● Record extracts:
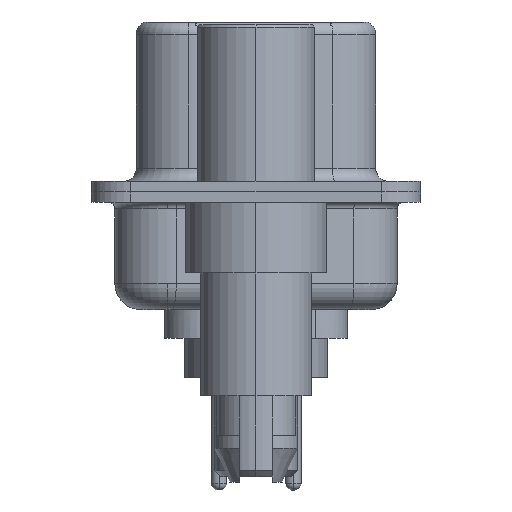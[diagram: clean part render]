
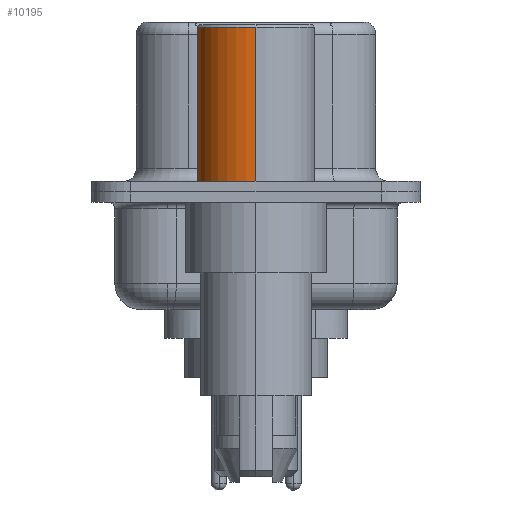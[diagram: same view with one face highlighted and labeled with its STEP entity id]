
A CAD part, left-side view. The second image highlights one B-rep face of the part: STEP entity #10195.
In plain terms, the highlighted cylindrical face has radius 2.25 mm (diameter 4.5 mm), a partial arc.
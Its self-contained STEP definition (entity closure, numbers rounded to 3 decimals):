
#582 = CARTESIAN_POINT ( 'NONE',  ( -2.25, 0., 0.4 ) ) ;
#1205 = CIRCLE ( 'NONE', #17715, 2.25 ) ;
#1214 = EDGE_CURVE ( 'NONE', #1336, #3099, #8900, .T. ) ;
#1336 = VERTEX_POINT ( 'NONE', #582 ) ;
#1999 = CIRCLE ( 'NONE', #17995, 2.25 ) ;
#2319 = VERTEX_POINT ( 'NONE', #21266 ) ;
#3099 = VERTEX_POINT ( 'NONE', #7933 ) ;
#3412 = CARTESIAN_POINT ( 'NONE',  ( -2.25, 0., 0.581 ) ) ;
#3473 = DIRECTION ( 'NONE',  ( 0., 0., 1. ) ) ;
#3946 = VECTOR ( 'NONE', #3473, 1000. ) ;
#4919 = EDGE_CURVE ( 'NONE', #9302, #1336, #1205, .T. ) ;
#6128 = CYLINDRICAL_SURFACE ( 'NONE', #9489, 2.25 ) ;
#6725 = FACE_OUTER_BOUND ( 'NONE', #7366, .T. ) ;
#6919 = ORIENTED_EDGE ( 'NONE', *, *, #12344, .F. ) ;
#7205 = DIRECTION ( 'NONE',  ( 0., 0., 1. ) ) ;
#7366 = EDGE_LOOP ( 'NONE', ( #13462, #11521, #6919, #21164 ) ) ;
#7694 = DIRECTION ( 'NONE',  ( 0., 0., 1. ) ) ;
#7933 = CARTESIAN_POINT ( 'NONE',  ( -2.25, 0., 6.3 ) ) ;
#8223 = DIRECTION ( 'NONE',  ( 1., 0., 0. ) ) ;
#8900 = LINE ( 'NONE', #3412, #3946 ) ;
#9302 = VERTEX_POINT ( 'NONE', #14399 ) ;
#9489 = AXIS2_PLACEMENT_3D ( 'NONE', #11298, #22255, #11447 ) ;
#10195 = ADVANCED_FACE ( 'NONE', ( #6725 ), #6128, .T. ) ;
#10633 = CARTESIAN_POINT ( 'NONE',  ( 0., 0., 6.3 ) ) ;
#11298 = CARTESIAN_POINT ( 'NONE',  ( 0., 0., 0.581 ) ) ;
#11447 = DIRECTION ( 'NONE',  ( 1., 0., 0. ) ) ;
#11521 = ORIENTED_EDGE ( 'NONE', *, *, #1214, .T. ) ;
#12344 = EDGE_CURVE ( 'NONE', #2319, #3099, #1999, .T. ) ;
#12461 = DIRECTION ( 'NONE',  ( 1., 0., 0. ) ) ;
#13462 = ORIENTED_EDGE ( 'NONE', *, *, #4919, .T. ) ;
#14188 = VECTOR ( 'NONE', #7205, 1000. ) ;
#14399 = CARTESIAN_POINT ( 'NONE',  ( 2.25, 0., 0.4 ) ) ;
#14751 = LINE ( 'NONE', #16290, #14188 ) ;
#16290 = CARTESIAN_POINT ( 'NONE',  ( 2.25, 0., 0.581 ) ) ;
#17715 = AXIS2_PLACEMENT_3D ( 'NONE', #18085, #7694, #8223 ) ;
#17995 = AXIS2_PLACEMENT_3D ( 'NONE', #10633, #23291, #12461 ) ;
#18085 = CARTESIAN_POINT ( 'NONE',  ( 0., 0., 0.4 ) ) ;
#21164 = ORIENTED_EDGE ( 'NONE', *, *, #21251, .F. ) ;
#21251 = EDGE_CURVE ( 'NONE', #9302, #2319, #14751, .T. ) ;
#21266 = CARTESIAN_POINT ( 'NONE',  ( 2.25, 0., 6.3 ) ) ;
#22255 = DIRECTION ( 'NONE',  ( 0., 0., 1. ) ) ;
#23291 = DIRECTION ( 'NONE',  ( 0., 0., 1. ) ) ;

● Exercise aim:
Pictures included in the data should be dropped; everything else must be repeated exactly.

● Exercise output:
[diagram: clean part render]
[diagram: same view with one face highlighted and labeled with its STEP entity id]
A CAD part, left-side view. The second image highlights one B-rep face of the part: STEP entity #10195.
In plain terms, the highlighted cylindrical face has radius 2.25 mm (diameter 4.5 mm), a partial arc.
Its self-contained STEP definition (entity closure, numbers rounded to 3 decimals):
#582 = CARTESIAN_POINT ( 'NONE',  ( -2.25, 0., 0.4 ) ) ;
#1205 = CIRCLE ( 'NONE', #17715, 2.25 ) ;
#1214 = EDGE_CURVE ( 'NONE', #1336, #3099, #8900, .T. ) ;
#1336 = VERTEX_POINT ( 'NONE', #582 ) ;
#1999 = CIRCLE ( 'NONE', #17995, 2.25 ) ;
#2319 = VERTEX_POINT ( 'NONE', #21266 ) ;
#3099 = VERTEX_POINT ( 'NONE', #7933 ) ;
#3412 = CARTESIAN_POINT ( 'NONE',  ( -2.25, 0., 0.581 ) ) ;
#3473 = DIRECTION ( 'NONE',  ( 0., 0., 1. ) ) ;
#3946 = VECTOR ( 'NONE', #3473, 1000. ) ;
#4919 = EDGE_CURVE ( 'NONE', #9302, #1336, #1205, .T. ) ;
#6128 = CYLINDRICAL_SURFACE ( 'NONE', #9489, 2.25 ) ;
#6725 = FACE_OUTER_BOUND ( 'NONE', #7366, .T. ) ;
#6919 = ORIENTED_EDGE ( 'NONE', *, *, #12344, .F. ) ;
#7205 = DIRECTION ( 'NONE',  ( 0., 0., 1. ) ) ;
#7366 = EDGE_LOOP ( 'NONE', ( #13462, #11521, #6919, #21164 ) ) ;
#7694 = DIRECTION ( 'NONE',  ( 0., 0., 1. ) ) ;
#7933 = CARTESIAN_POINT ( 'NONE',  ( -2.25, 0., 6.3 ) ) ;
#8223 = DIRECTION ( 'NONE',  ( 1., 0., 0. ) ) ;
#8900 = LINE ( 'NONE', #3412, #3946 ) ;
#9302 = VERTEX_POINT ( 'NONE', #14399 ) ;
#9489 = AXIS2_PLACEMENT_3D ( 'NONE', #11298, #22255, #11447 ) ;
#10195 = ADVANCED_FACE ( 'NONE', ( #6725 ), #6128, .T. ) ;
#10633 = CARTESIAN_POINT ( 'NONE',  ( 0., 0., 6.3 ) ) ;
#11298 = CARTESIAN_POINT ( 'NONE',  ( 0., 0., 0.581 ) ) ;
#11447 = DIRECTION ( 'NONE',  ( 1., 0., 0. ) ) ;
#11521 = ORIENTED_EDGE ( 'NONE', *, *, #1214, .T. ) ;
#12344 = EDGE_CURVE ( 'NONE', #2319, #3099, #1999, .T. ) ;
#12461 = DIRECTION ( 'NONE',  ( 1., 0., 0. ) ) ;
#13462 = ORIENTED_EDGE ( 'NONE', *, *, #4919, .T. ) ;
#14188 = VECTOR ( 'NONE', #7205, 1000. ) ;
#14399 = CARTESIAN_POINT ( 'NONE',  ( 2.25, 0., 0.4 ) ) ;
#14751 = LINE ( 'NONE', #16290, #14188 ) ;
#16290 = CARTESIAN_POINT ( 'NONE',  ( 2.25, 0., 0.581 ) ) ;
#17715 = AXIS2_PLACEMENT_3D ( 'NONE', #18085, #7694, #8223 ) ;
#17995 = AXIS2_PLACEMENT_3D ( 'NONE', #10633, #23291, #12461 ) ;
#18085 = CARTESIAN_POINT ( 'NONE',  ( 0., 0., 0.4 ) ) ;
#21164 = ORIENTED_EDGE ( 'NONE', *, *, #21251, .F. ) ;
#21251 = EDGE_CURVE ( 'NONE', #9302, #2319, #14751, .T. ) ;
#21266 = CARTESIAN_POINT ( 'NONE',  ( 2.25, 0., 6.3 ) ) ;
#22255 = DIRECTION ( 'NONE',  ( 0., 0., 1. ) ) ;
#23291 = DIRECTION ( 'NONE',  ( 0., 0., 1. ) ) ;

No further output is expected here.